━━ Input material

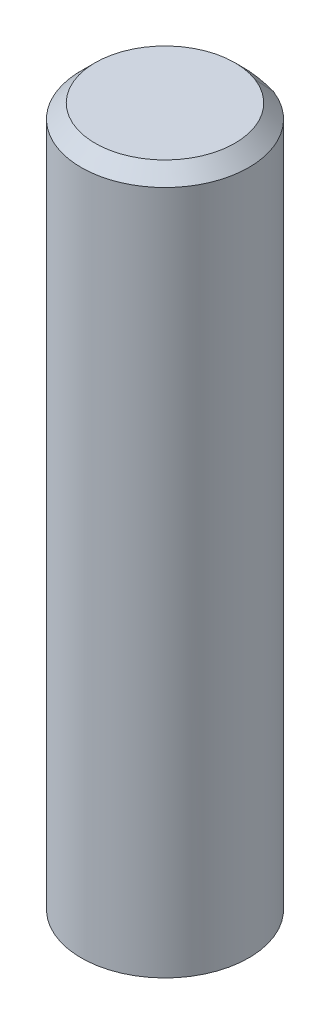
ISO-10303-21;
HEADER;
FILE_DESCRIPTION(('STEP AP214'),'2;1');
FILE_NAME('part.step','',(''),(''),'','','');
FILE_SCHEMA(('AUTOMOTIVE_DESIGN { 1 0 10303 214 1 1 1 1 }'));
ENDSEC;
DATA;
#1=APPLICATION_CONTEXT('core data for automotive mechanical design processes');
#2=APPLICATION_PROTOCOL_DEFINITION('international standard','automotive_design',2000,#1);
#3=PRODUCT_CONTEXT('',#1,'mechanical');
#4=PRODUCT('Part','Part','',(#3));
#5=PRODUCT_RELATED_PRODUCT_CATEGORY('part','',(#4));
#6=PRODUCT_DEFINITION_FORMATION('','',#4);
#7=PRODUCT_DEFINITION_CONTEXT('part definition',#1,'design');
#8=PRODUCT_DEFINITION('design','',#6,#7);
#9=PRODUCT_DEFINITION_SHAPE('','',#8);
#10=(LENGTH_UNIT() NAMED_UNIT(*) SI_UNIT(.MILLI.,.METRE.));
#11=(NAMED_UNIT(*) PLANE_ANGLE_UNIT() SI_UNIT($,.RADIAN.));
#12=(NAMED_UNIT(*) SI_UNIT($,.STERADIAN.) SOLID_ANGLE_UNIT());
#13=UNCERTAINTY_MEASURE_WITH_UNIT(LENGTH_MEASURE(1.E-05),#10,'distance_accuracy_value','');
#14=(GEOMETRIC_REPRESENTATION_CONTEXT(3) GLOBAL_UNCERTAINTY_ASSIGNED_CONTEXT((#13)) GLOBAL_UNIT_ASSIGNED_CONTEXT((#10,
#11,#12)) REPRESENTATION_CONTEXT('',''));
#15=CARTESIAN_POINT('',(0.,0.,0.));
#16=DIRECTION('',(0.,0.,1.));
#17=DIRECTION('',(1.,0.,0.));
#18=AXIS2_PLACEMENT_3D('',#15,#16,#17);
#19=CARTESIAN_POINT('',(0.,25.,0.));
#20=DIRECTION('',(0.,1.,0.));
#21=DIRECTION('',(0.,0.,1.));
#22=AXIS2_PLACEMENT_3D('',#19,#20,#21);
#23=PLANE('',#22);
#24=CARTESIAN_POINT('',(-4.41605694229922E-06,25.0000030573088,-2.31559280090398E-05));
#25=DIRECTION('',(0.,-1.,0.));
#26=DIRECTION('',(0.359014963110202,0.,-0.933331803949153));
#27=AXIS2_PLACEMENT_3D('',#24,#25,#26);
#28=CIRCLE('',#27,2.49999279933527);
#29=CARTESIAN_POINT('',(0.897528860195576,24.9999980865496,-2.33334181521173));
#30=VERTEX_POINT('',#29);
#31=CARTESIAN_POINT('',(-0.897543472307712,24.9999973786579,-2.33333651707424));
#32=VERTEX_POINT('',#31);
#33=EDGE_CURVE('E129',#30,#32,#28,.T.);
#34=ORIENTED_EDGE('',*,*,#33,.F.);
#35=CARTESIAN_POINT('',(3.96266032999439E-06,24.9999918798536,1.41741565208055E-06));
#36=DIRECTION('',(0.,-1.,0.));
#37=DIRECTION('',(-0.359017327837316,0.,-0.933330894330919));
#38=AXIS2_PLACEMENT_3D('',#35,#36,#37);
#39=CIRCLE('',#38,2.500005559707);
#40=EDGE_CURVE('E63',#32,#30,#39,.T.);
#41=ORIENTED_EDGE('',*,*,#40,.F.);
#42=EDGE_LOOP('',(#34,#41));
#43=FACE_BOUND('',#42,.T.);
#44=ADVANCED_FACE('F16',(#43),#23,.T.);
#45=CARTESIAN_POINT('',(3.96266032970383E-06,24.4970054045552,1.41741565208055E-06));
#46=DIRECTION('',(0.,-1.,0.));
#47=DIRECTION('',(1.,0.,0.));
#48=AXIS2_PLACEMENT_3D('',#45,#46,#47);
#49=CONICAL_SURFACE('',#48,3.00299594155375,0.785402046735676);
#50=ORIENTED_EDGE('',*,*,#40,.T.);
#51=CARTESIAN_POINT('',(1.0770315547767,24.5000172652965,-2.80000347708948));
#52=CARTESIAN_POINT('',(1.06955235910355,24.5208500066302,-2.78055940601546));
#53=CARTESIAN_POINT('',(1.06207316107593,24.5416827479638,-2.76111533584708));
#54=CARTESIAN_POINT('',(1.04711476031177,24.5833482306312,-2.72222719732165));
#55=CARTESIAN_POINT('',(1.03963555757523,24.6041809719649,-2.70278312896459));
#56=CARTESIAN_POINT('',(1.02467714739322,24.6458464546322,-2.66389499406179));
#57=CARTESIAN_POINT('',(1.01719793994775,24.6666791959659,-2.64445092751604));
#58=CARTESIAN_POINT('',(1.00223952034789,24.7083446786332,-2.60556279623587));
#59=CARTESIAN_POINT('',(0.994760308193491,24.7291774199669,-2.58611873150144));
#60=CARTESIAN_POINT('',(0.979801879175778,24.7708429026343,-2.54723060384389));
#61=CARTESIAN_POINT('',(0.972322662312459,24.7916756439679,-2.52778654092078));
#62=CARTESIAN_POINT('',(0.957364223876897,24.8333411266353,-2.48889841688587));
#63=CARTESIAN_POINT('',(0.949885002304653,24.854173867969,-2.46945435577407));
#64=CARTESIAN_POINT('',(0.934926554451241,24.8958393506363,-2.43056623536179));
#65=CARTESIAN_POINT('',(0.927447328170073,24.91667209197,-2.41112217606131));
#66=CARTESIAN_POINT('',(0.912488870898813,24.9583375746373,-2.37223405927167));
#67=CARTESIAN_POINT('',(0.905009639908721,24.979170315971,-2.35279000178251));
#68=CARTESIAN_POINT('',(0.897530406564166,25.0000030573047,-2.333345945199));
#69=B_SPLINE_CURVE_WITH_KNOTS('',3,(#51,#52,#53,#54,#55,#56,#57,#58,#59,#60,#61,#62,#63,#64,#65,
#66,#67,#68),.UNSPECIFIED.,.F.,.F.,(4,2,2,2,2,2,2,2,4),(0.,0.0883862003591188,0.176772400718206,
0.265158601077264,0.353544801436293,0.441931001795293,0.530317202154265,0.618703402513211,
0.707089602872129),.UNSPECIFIED.);
#70=CARTESIAN_POINT('',(1.07703017134735,24.5000122522552,-2.799999390986));
#71=VERTEX_POINT('',#70);
#72=EDGE_CURVE('E55',#71,#30,#69,.T.);
#73=ORIENTED_EDGE('',*,*,#72,.F.);
#74=CARTESIAN_POINT('',(-1.07702733909969,24.5000005957629,-2.8));
#75=CARTESIAN_POINT('',(-0.988360501257844,24.5318611098611,-2.8));
#76=CARTESIAN_POINT('',(-0.898499622788504,24.5606732561634,-2.8));
#77=CARTESIAN_POINT('',(-0.716573846856955,24.6110761875861,-2.8));
#78=CARTESIAN_POINT('',(-0.62450449335948,24.6326507749208,-2.8));
#79=CARTESIAN_POINT('',(-0.441821149886365,24.666727653097,-2.8));
#80=CARTESIAN_POINT('',(-0.351260023355029,24.6795068693926,-2.8));
#81=CARTESIAN_POINT('',(-0.169420516874613,24.6963353027654,-2.8));
#82=CARTESIAN_POINT('',(-0.0781430679434558,24.7003944144954,-2.8));
#83=CARTESIAN_POINT('',(0.102256575225958,24.6995507955354,-2.8));
#84=CARTESIAN_POINT('',(0.191379808211524,24.6948530920781,-2.8));
#85=CARTESIAN_POINT('',(0.368887378654103,24.6771876941868,-2.8));
#86=CARTESIAN_POINT('',(0.457270821855495,24.6642111420248,-2.8));
#87=CARTESIAN_POINT('',(0.635502246552053,24.6301639991567,-2.8));
#88=CARTESIAN_POINT('',(0.725300132633011,24.6088368711433,-2.8));
#89=CARTESIAN_POINT('',(0.902782417943566,24.5592986540397,-2.8));
#90=CARTESIAN_POINT('',(0.990470930973961,24.5311024030798,-2.8));
#91=CARTESIAN_POINT('',(1.07702704585084,24.5000035462817,-2.8));
#92=B_SPLINE_CURVE_WITH_KNOTS('',3,(#74,#75,#76,#77,#78,#79,#80,#81,#82,#83,#84,#85,#86,#87,#88,
#89,#90,#91),.UNSPECIFIED.,.F.,.F.,(4,2,2,2,2,2,2,2,4),(0.,0.282737183651158,0.56610298124071,
0.840079369403737,1.11374471355965,1.38108294082369,1.64870768010231,1.9252959942124,
2.20129206102959),.UNSPECIFIED.);
#93=CARTESIAN_POINT('',(-1.07703121602638,24.50001139474,-2.79999990336378));
#94=VERTEX_POINT('',#93);
#95=EDGE_CURVE('E61',#94,#71,#92,.T.);
#96=ORIENTED_EDGE('',*,*,#95,.F.);
#97=CARTESIAN_POINT('',(-0.897545725803441,25.0000040600753,-2.33334237544523));
#98=CARTESIAN_POINT('',(-0.90502450419262,24.9791712923816,-2.35278663527673));
#99=CARTESIAN_POINT('',(-0.912503267190457,24.9583385246881,-2.37223090102829));
#100=CARTESIAN_POINT('',(-0.927460762403527,24.9166729893011,-2.41111944437174));
#101=CARTESIAN_POINT('',(-0.93493949461876,24.8958402216076,-2.43056372196363));
#102=CARTESIAN_POINT('',(-0.949896928266607,24.8541746862205,-2.46945228898769));
#103=CARTESIAN_POINT('',(-0.957375629699221,24.833341918527,-2.48889657841987));
#104=CARTESIAN_POINT('',(-0.972333001781817,24.79167638314,-2.52778516912447));
#105=CARTESIAN_POINT('',(-0.979811672431798,24.7708436154465,-2.54722947039689));
#106=CARTESIAN_POINT('',(-0.994768982949113,24.7291780800594,-2.58611808478196));
#107=CARTESIAN_POINT('',(-1.00224762281645,24.7083453123659,-2.6055623978946));
#108=CARTESIAN_POINT('',(-1.01720487176845,24.6666797769789,-2.64445103596006));
#109=CARTESIAN_POINT('',(-1.02468348085313,24.6458470092854,-2.66389536091288));
#110=CARTESIAN_POINT('',(-1.0396406682398,24.6041814738983,-2.70278402265865));
#111=CARTESIAN_POINT('',(-1.0471192465418,24.5833487062048,-2.72222835945162));
#112=CARTESIAN_POINT('',(-1.0620763723631,24.5416831708178,-2.76111704487764));
#113=CARTESIAN_POINT('',(-1.06955491988241,24.5208504031242,-2.7805613935107));
#114=CARTESIAN_POINT('',(-1.07703345201031,24.5000176354309,-2.80000574806366));
#115=B_SPLINE_CURVE_WITH_KNOTS('',3,(#97,#98,#99,#100,#101,#102,#103,#104,#105,#106,#107,#108,
#109,#110,#111,#112,#113,#114),.UNSPECIFIED.,.F.,.F.,(4,2,2,2,2,2,2,2,4),(0.,0.0883863122168956,
0.176772624434927,0.26515893665412,0.353545248874506,0.441931561096109,0.530317873318958,
0.618704185543081,0.707090497768506),.UNSPECIFIED.);
#116=EDGE_CURVE('E68',#32,#94,#115,.T.);
#117=ORIENTED_EDGE('',*,*,#116,.F.);
#118=EDGE_LOOP('',(#50,#73,#96,#117));
#119=FACE_BOUND('',#118,.T.);
#120=ADVANCED_FACE('F58',(#119),#49,.T.);
#121=CARTESIAN_POINT('',(-4.41605694229922E-06,24.5000172653818,-2.31559280090398E-05));
#122=DIRECTION('',(0.,-1.,0.));
#123=DIRECTION('',(0.,0.,-1.));
#124=AXIS2_PLACEMENT_3D('',#121,#122,#123);
#125=CONICAL_SURFACE('',#124,2.99998271342511,0.785402285660375);
#126=CARTESIAN_POINT('',(1.07703073505263,24.5000200055549,-2.80000085638415));
#127=CARTESIAN_POINT('',(1.14639945044919,24.5000196974915,-2.77331846412729));
#128=CARTESIAN_POINT('',(1.21475231741991,24.500019371081,-2.74406535457629));
#129=CARTESIAN_POINT('',(1.34909168198969,24.5000186832593,-2.68057324593888));
#130=CARTESIAN_POINT('',(1.41507846309053,24.5000183218523,-2.64633484668899));
#131=CARTESIAN_POINT('',(1.60896574453586,24.5000171878311,-2.53639091083137));
#132=CARTESIAN_POINT('',(1.73284381843254,24.5000163651917,-2.45343711961753));
#133=CARTESIAN_POINT('',(1.98268578422548,24.5000144869511,-2.25774541449484));
#134=CARTESIAN_POINT('',(2.10668905785853,24.5000134148981,-2.1425021489527));
#135=CARTESIAN_POINT('',(2.33358896198295,24.5000111538008,-1.89283316629823));
#136=CARTESIAN_POINT('',(2.43648511113052,24.5000099647539,-1.75840701184242));
#137=CARTESIAN_POINT('',(2.61824366239636,24.5000075034855,-1.47419519476923));
#138=CARTESIAN_POINT('',(2.69710744574051,24.5000062312688,-1.32441041552841));
#139=CARTESIAN_POINT('',(2.82857614097165,24.5000036395988,-1.0137129558525));
#140=CARTESIAN_POINT('',(2.88117863184481,24.5000023201411,-0.852799251004332));
#141=CARTESIAN_POINT('',(2.9586197582734,24.4999996715865,-0.524427949855473));
#142=CARTESIAN_POINT('',(2.98345900348802,24.4999983424898,-0.35697049733395));
#143=CARTESIAN_POINT('',(3.00467002678918,24.4999957124236,-0.0202704294164454));
#144=CARTESIAN_POINT('',(3.00104317824884,24.4999944114526,0.148972099463444));
#145=CARTESIAN_POINT('',(2.96542796843656,24.4999918744807,0.484448815708189));
#146=CARTESIAN_POINT('',(2.9334391751144,24.4999906384807,0.650682957205568));
#147=CARTESIAN_POINT('',(2.84200670783689,24.4999882665364,0.975424312660123));
#148=CARTESIAN_POINT('',(2.78256254573618,24.4999871305939,1.13393138917781));
#149=CARTESIAN_POINT('',(2.63790710070614,24.4999849910422,1.43871487721766));
#150=CARTESIAN_POINT('',(2.55269597565034,24.4999839874322,1.58499136366932));
#151=CARTESIAN_POINT('',(2.35892592112377,24.4999821410315,1.86116161365626));
#152=CARTESIAN_POINT('',(2.2503671206833,24.49998129824,1.9910554677234));
#153=CARTESIAN_POINT('',(2.0129828454275,24.4999797973919,2.23077435670855));
#154=CARTESIAN_POINT('',(1.88415732993999,24.4999791393355,2.3405993513505));
#155=CARTESIAN_POINT('',(1.60989654615012,24.499978026639,2.53706274344243));
#156=CARTESIAN_POINT('',(1.46446125272486,24.4999775719991,2.62370110582113));
#157=CARTESIAN_POINT('',(1.16110964656593,24.4999768790427,2.77133155884341));
#158=CARTESIAN_POINT('',(1.00319334113525,24.499976640726,2.83232366449316));
#159=CARTESIAN_POINT('',(0.67936247318965,24.4999763871807,2.92693027431536));
#160=CARTESIAN_POINT('',(0.513447913413095,24.4999763719519,2.96054478786098));
#161=CARTESIAN_POINT('',(0.178330279415576,24.4999765650143,2.99944203527267));
#162=CARTESIAN_POINT('',(0.00912720456567936,24.4999767733056,3.0047247637202));
#163=CARTESIAN_POINT('',(-0.327764243844149,24.4999774074957,2.98680846552921));
#164=CARTESIAN_POINT('',(-0.495452617464928,24.4999778333944,2.96360944003484));
#165=CARTESIAN_POINT('',(-0.824554458917539,24.4999788907095,2.88938819522013));
#166=CARTESIAN_POINT('',(-0.985967927953037,24.4999795221258,2.83836598123692));
#167=CARTESIAN_POINT('',(-1.29793800877541,24.4999809725527,2.70994670571364));
#168=CARTESIAN_POINT('',(-1.44849461596084,24.4999817915633,2.63254963299527));
#169=CARTESIAN_POINT('',(-1.73447710801536,24.4999835939303,2.45357767610425));
#170=CARTESIAN_POINT('',(-1.86990298533246,24.4999845772868,2.35200277986416));
#171=CARTESIAN_POINT('',(-2.12177940312098,24.4999866804293,2.12755877342549));
#172=CARTESIAN_POINT('',(-2.2382299705752,24.4999878002153,2.00468969350765));
#173=CARTESIAN_POINT('',(-2.44885018571715,24.4999901444295,1.74114527462568));
#174=CARTESIAN_POINT('',(-2.54301986142572,24.4999913688576,1.60046995805532));
#175=CARTESIAN_POINT('',(-2.70640561277005,24.499993887605,1.30530570273905));
#176=CARTESIAN_POINT('',(-2.77562159015398,24.4999951819246,1.15081670960664));
#177=CARTESIAN_POINT('',(-2.88713469798363,24.499997803711,0.832410766291706));
#178=CARTESIAN_POINT('',(-2.92943177496895,24.499999131178,0.668493797386111));
#179=CARTESIAN_POINT('',(-2.98590590978311,24.5000017815633,0.335886646148389));
#180=CARTESIAN_POINT('',(-3.00008319001585,24.5000031044817,0.167196501578763));
#181=CARTESIAN_POINT('',(-2.99991607307604,24.5000057082311,-0.170170202700393));
#182=CARTESIAN_POINT('',(-2.98557157554522,24.500006989062,-0.338846762360034));
#183=CARTESIAN_POINT('',(-2.92876742623541,24.5000094722746,-0.671397847630818));
#184=CARTESIAN_POINT('',(-2.8863077499415,24.5000106746562,-0.835272369054713));
#185=CARTESIAN_POINT('',(-2.77448312927695,24.5000129667722,-1.15355809673407));
#186=CARTESIAN_POINT('',(-2.70511959601595,24.5000140565125,-1.30796979882343));
#187=CARTESIAN_POINT('',(-2.54144130495885,24.5000160926069,-1.6029748436524));
#188=CARTESIAN_POINT('',(-2.44712395250037,24.5000170389461,-1.74356674734299));
#189=CARTESIAN_POINT('',(-2.23620799602398,24.5000187614579,-2.00695346621601));
#190=CARTESIAN_POINT('',(-2.11960226299694,24.5000195375758,-2.12974256495704));
#191=CARTESIAN_POINT('',(-1.86744997043767,24.5000208969052,-2.35394058119845));
#192=CARTESIAN_POINT('',(-1.73191757796114,24.5000214802598,-2.45536534926887));
#193=CARTESIAN_POINT('',(-1.5078730305568,24.5000222304248,-2.5952815991631));
#194=CARTESIAN_POINT('',(-1.42439349548206,24.5000224682495,-2.64201369226755));
#195=CARTESIAN_POINT('',(-1.25350863628205,24.5000228745026,-2.72723580877453));
#196=CARTESIAN_POINT('',(-1.1661103465572,24.5000230430501,-2.76573993755593));
#197=CARTESIAN_POINT('',(-1.07703147338454,24.5000231763699,-2.80000057238193));
#198=B_SPLINE_CURVE_WITH_KNOTS('',3,(#126,#127,#128,#129,#130,#131,#132,#133,#134,#135,#136,
#137,#138,#139,#140,#141,#142,#143,#144,#145,#146,#147,#148,#149,#150,#151,#152,#153,#154,#155,
#156,#157,#158,#159,#160,#161,#162,#163,#164,#165,#166,#167,#168,#169,#170,#171,#172,#173,#174,
#175,#176,#177,#178,#179,#180,#181,#182,#183,#184,#185,#186,#187,#188,#189,#190,#191,#192,#193,
#194,#195,#196,#197),.UNSPECIFIED.,.F.,.F.,(4,2,2,2,2,2,2,2,2,2,2,2,2,2,2,2,2,2,2,2,2,2,2,2,2,2,
2,2,2,2,2,2,2,2,2,4),(0.,0.222868739289624,0.445710684848957,0.891233408253707,1.39668144036571,
1.90214099783921,2.40757149926559,2.91304858744602,3.41851457552618,3.92395617708004,
4.42940547838448,4.93486376671923,5.44031895818697,5.94577135634232,6.4512247688759,
6.95667894593649,7.4621328272445,7.96758653550186,8.47304034042881,8.97849412505115,
9.48394781271579,9.98940171460417,10.4948558687715,11.0003093041791,11.5057621039163,
12.0112168937844,12.5166726874726,13.0221244834153,13.5275780578713,14.033032073056,
14.538459580718,15.0439396626763,15.5495816954116,16.0548472517791,16.341465398886,
16.6275881767715),.UNSPECIFIED.);
#199=EDGE_CURVE('E72',#71,#94,#198,.T.);
#200=ORIENTED_EDGE('',*,*,#199,.F.);
#201=ORIENTED_EDGE('',*,*,#72,.T.);
#202=ORIENTED_EDGE('',*,*,#33,.T.);
#203=ORIENTED_EDGE('',*,*,#116,.T.);
#204=EDGE_LOOP('',(#200,#201,#202,#203));
#205=FACE_BOUND('',#204,.T.);
#206=ADVANCED_FACE('F73',(#205),#125,.T.);
#207=CARTESIAN_POINT('',(0.,0.,0.));
#208=DIRECTION('',(0.,1.,0.));
#209=DIRECTION('',(0.,0.,1.));
#210=AXIS2_PLACEMENT_3D('',#207,#208,#209);
#211=PLANE('',#210);
#212=DIRECTION('',(-1.,0.,0.));
#213=VECTOR('',#212,1.);
#214=CARTESIAN_POINT('',(1.0770329614269,0.,-2.8));
#215=LINE('',#214,#213);
#216=CARTESIAN_POINT('',(1.0770329614269,0.,-2.8));
#217=VERTEX_POINT('',#216);
#218=CARTESIAN_POINT('',(-1.07703221207887,0.,-2.80000028823996));
#219=VERTEX_POINT('',#218);
#220=EDGE_CURVE('E36',#217,#219,#215,.T.);
#221=ORIENTED_EDGE('',*,*,#220,.F.);
#222=CARTESIAN_POINT('',(0.,0.,0.));
#223=DIRECTION('',(0.,1.,0.));
#224=DIRECTION('',(0.,0.,1.));
#225=AXIS2_PLACEMENT_3D('',#222,#223,#224);
#226=CIRCLE('',#225,3.);
#227=EDGE_CURVE('E29',#219,#217,#226,.T.);
#228=ORIENTED_EDGE('',*,*,#227,.F.);
#229=EDGE_LOOP('',(#221,#228));
#230=FACE_BOUND('',#229,.T.);
#231=ADVANCED_FACE('F98',(#230),#211,.F.);
#232=CARTESIAN_POINT('',(1.0770329614269,0.,-2.8));
#233=DIRECTION('',(0.,0.,-1.));
#234=DIRECTION('',(-1.,0.,0.));
#235=AXIS2_PLACEMENT_3D('',#232,#233,#234);
#236=PLANE('',#235);
#237=ORIENTED_EDGE('',*,*,#220,.T.);
#238=DIRECTION('',(0.,1.,0.));
#239=VECTOR('',#238,1.);
#240=CARTESIAN_POINT('',(-1.07703146273084,0.,-2.80000057647992));
#241=LINE('',#240,#239);
#242=EDGE_CURVE('E77',#94,#219,#241,.F.);
#243=ORIENTED_EDGE('',*,*,#242,.F.);
#244=ORIENTED_EDGE('',*,*,#95,.T.);
#245=DIRECTION('',(0.,1.,0.));
#246=VECTOR('',#245,1.);
#247=CARTESIAN_POINT('',(1.0770329614269,0.,-2.8));
#248=LINE('',#247,#246);
#249=EDGE_CURVE('E11',#217,#71,#248,.T.);
#250=ORIENTED_EDGE('',*,*,#249,.F.);
#251=EDGE_LOOP('',(#237,#243,#244,#250));
#252=FACE_BOUND('',#251,.T.);
#253=ADVANCED_FACE('F79',(#252),#236,.T.);
#254=CARTESIAN_POINT('',(0.,0.,0.));
#255=DIRECTION('',(0.,1.,0.));
#256=DIRECTION('',(0.,0.,1.));
#257=AXIS2_PLACEMENT_3D('',#254,#255,#256);
#258=CYLINDRICAL_SURFACE('',#257,3.);
#259=ORIENTED_EDGE('',*,*,#227,.T.);
#260=ORIENTED_EDGE('',*,*,#249,.T.);
#261=ORIENTED_EDGE('',*,*,#199,.T.);
#262=ORIENTED_EDGE('',*,*,#242,.T.);
#263=EDGE_LOOP('',(#259,#260,#261,#262));
#264=FACE_BOUND('',#263,.T.);
#265=ADVANCED_FACE('F81',(#264),#258,.T.);
#266=CLOSED_SHELL('',(#44,#120,#206,#231,#253,#265));
#267=MANIFOLD_SOLID_BREP('B1',#266);
#268=ADVANCED_BREP_SHAPE_REPRESENTATION('',(#18,#267),#14);
#269=SHAPE_DEFINITION_REPRESENTATION(#9,#268);
ENDSEC;
END-ISO-10303-21;

━━━━

◆ What you need to do: Only the lines from the start of the records through the line containing "#17=DIRECTION('',(1.,0.,0.));" should be repeated, word for word, with the pictures left out.

◆ Response to the exercise:
ISO-10303-21;
HEADER;
FILE_DESCRIPTION(('STEP AP214'),'2;1');
FILE_NAME('part.step','',(''),(''),'','','');
FILE_SCHEMA(('AUTOMOTIVE_DESIGN { 1 0 10303 214 1 1 1 1 }'));
ENDSEC;
DATA;
#1=APPLICATION_CONTEXT('core data for automotive mechanical design processes');
#2=APPLICATION_PROTOCOL_DEFINITION('international standard','automotive_design',2000,#1);
#3=PRODUCT_CONTEXT('',#1,'mechanical');
#4=PRODUCT('Part','Part','',(#3));
#5=PRODUCT_RELATED_PRODUCT_CATEGORY('part','',(#4));
#6=PRODUCT_DEFINITION_FORMATION('','',#4);
#7=PRODUCT_DEFINITION_CONTEXT('part definition',#1,'design');
#8=PRODUCT_DEFINITION('design','',#6,#7);
#9=PRODUCT_DEFINITION_SHAPE('','',#8);
#10=(LENGTH_UNIT() NAMED_UNIT(*) SI_UNIT(.MILLI.,.METRE.));
#11=(NAMED_UNIT(*) PLANE_ANGLE_UNIT() SI_UNIT($,.RADIAN.));
#12=(NAMED_UNIT(*) SI_UNIT($,.STERADIAN.) SOLID_ANGLE_UNIT());
#13=UNCERTAINTY_MEASURE_WITH_UNIT(LENGTH_MEASURE(1.E-05),#10,'distance_accuracy_value','');
#14=(GEOMETRIC_REPRESENTATION_CONTEXT(3) GLOBAL_UNCERTAINTY_ASSIGNED_CONTEXT((#13)) GLOBAL_UNIT_ASSIGNED_CONTEXT((#10,
#11,#12)) REPRESENTATION_CONTEXT('',''));
#15=CARTESIAN_POINT('',(0.,0.,0.));
#16=DIRECTION('',(0.,0.,1.));
#17=DIRECTION('',(1.,0.,0.));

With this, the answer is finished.